Il cast è poco meno che perfetto: Adam Scott, che interpreta Mark S., è l’uomo qualunque piegato dal destino, che riscatta se stesso all’interno della Lumon. Britt Lower è la forza che nutre la rivolta nei panni di Helly R. Ma è nei comprimari che la serie riesce superarsi: John Turturro, Christopher Walken e Patricia Arquette sono un regalo per ogni spettatore.
Forse una maggiore sintesi, soprattutto nelle puntate centrali avrebbe giovato ad una serie che trae la sua forza dall’interrogativo etico iniziale e dal look indovinatissimo in cui i suoi protagonisti sono incatenati e poi dalla presa di coscienza dei quattro che porta a mettere in discussione radicalmente il significato della sperimentazione della Lumon.
A cosa serve davvero la scissione, perchè il senatore Arteta ne è un grande sostenitore, chi sono nella vita da esterni Dylan, Irv e Helly?

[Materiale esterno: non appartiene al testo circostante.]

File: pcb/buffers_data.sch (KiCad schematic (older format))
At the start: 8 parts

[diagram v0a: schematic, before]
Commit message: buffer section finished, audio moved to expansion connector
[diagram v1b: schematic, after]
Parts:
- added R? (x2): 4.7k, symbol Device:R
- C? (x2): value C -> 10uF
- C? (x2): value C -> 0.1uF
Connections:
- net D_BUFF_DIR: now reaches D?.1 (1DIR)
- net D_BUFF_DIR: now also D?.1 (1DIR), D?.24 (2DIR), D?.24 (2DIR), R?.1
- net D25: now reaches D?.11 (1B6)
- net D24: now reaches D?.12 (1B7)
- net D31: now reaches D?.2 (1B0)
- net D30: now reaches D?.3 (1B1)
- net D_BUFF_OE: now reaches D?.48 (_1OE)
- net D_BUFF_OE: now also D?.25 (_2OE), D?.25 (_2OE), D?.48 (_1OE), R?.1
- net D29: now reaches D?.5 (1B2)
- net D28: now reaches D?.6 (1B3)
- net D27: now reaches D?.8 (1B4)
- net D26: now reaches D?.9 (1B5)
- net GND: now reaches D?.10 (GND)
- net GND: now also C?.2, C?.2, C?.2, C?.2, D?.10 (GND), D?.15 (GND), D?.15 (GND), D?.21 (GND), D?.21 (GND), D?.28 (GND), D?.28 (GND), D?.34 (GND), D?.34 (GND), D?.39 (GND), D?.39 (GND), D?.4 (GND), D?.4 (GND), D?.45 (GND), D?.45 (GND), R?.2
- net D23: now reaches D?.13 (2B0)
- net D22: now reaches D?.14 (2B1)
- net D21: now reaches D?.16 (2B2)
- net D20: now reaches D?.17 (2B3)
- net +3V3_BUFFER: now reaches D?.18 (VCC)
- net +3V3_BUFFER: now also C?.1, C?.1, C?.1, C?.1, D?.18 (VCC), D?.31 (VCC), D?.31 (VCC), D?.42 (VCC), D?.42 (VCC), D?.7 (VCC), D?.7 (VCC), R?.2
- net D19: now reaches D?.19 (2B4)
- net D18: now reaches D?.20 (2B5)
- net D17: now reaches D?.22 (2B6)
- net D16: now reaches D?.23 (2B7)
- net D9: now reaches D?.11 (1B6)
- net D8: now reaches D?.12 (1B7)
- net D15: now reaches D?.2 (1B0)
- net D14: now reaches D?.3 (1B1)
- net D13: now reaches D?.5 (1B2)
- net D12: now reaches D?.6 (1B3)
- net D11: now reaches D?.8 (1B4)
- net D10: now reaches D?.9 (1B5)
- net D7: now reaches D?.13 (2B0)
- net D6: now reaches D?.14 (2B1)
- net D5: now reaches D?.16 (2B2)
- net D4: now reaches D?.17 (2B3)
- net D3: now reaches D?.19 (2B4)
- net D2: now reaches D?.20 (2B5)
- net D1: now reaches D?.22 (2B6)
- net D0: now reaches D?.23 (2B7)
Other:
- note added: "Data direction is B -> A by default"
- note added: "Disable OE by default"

Chi c’è a capo del piccolo gruppo di resistenti che si sono ribellati alla scissione, come ha fatto Petey?
Sono tutte domande che trovano una risposta solo parziale in questa prima stagione, che si chiude con un inevitabile cliffhanger.
La seconda stagione è già stata ordinata da Apple Tv+, che ha forse trovato in Severance una delle sue serie più iconiche, se solo Erickson e Stiller saranno in grado contemporaneamente di mantenere il mistero e di evitare di prolungare all’infinito un racconto che, come un grande puzzle, ha svelato sinora solo un piccolo angolo: il disegno finale sarà all’altezza?
Titolo originale: Severance
Durata media degli episodi: 40-57 minuti
Numero degli episodi: 9
Distribuzione streaming: Apple Tv+
Genere: Drama
Consigliato: a coloro che continuano a pensare criticamente al rapporto tra società e ambiente e a ragionare sui limiti della scienza. E a coloro che non si spaventano delle narrazioni deboli, dei tempi dilatati, in cui quello che conta di più è uno sguardo tra i personaggi.
Sconsigliato: a coloro che preferiscono serie d’azione o con plot densi e pieni di svolte.
Visioni parallele: sicuramente la serie Homecoming di Sam Esmail su Amazon Prime. E film come La conversazione di Francis Coppola o Perchè un assassinio di Alan J. Pakula.
Un’immagine: la Bell Labs Holmdel Complex in New Jersey che è stata usata per la sede della Lumon.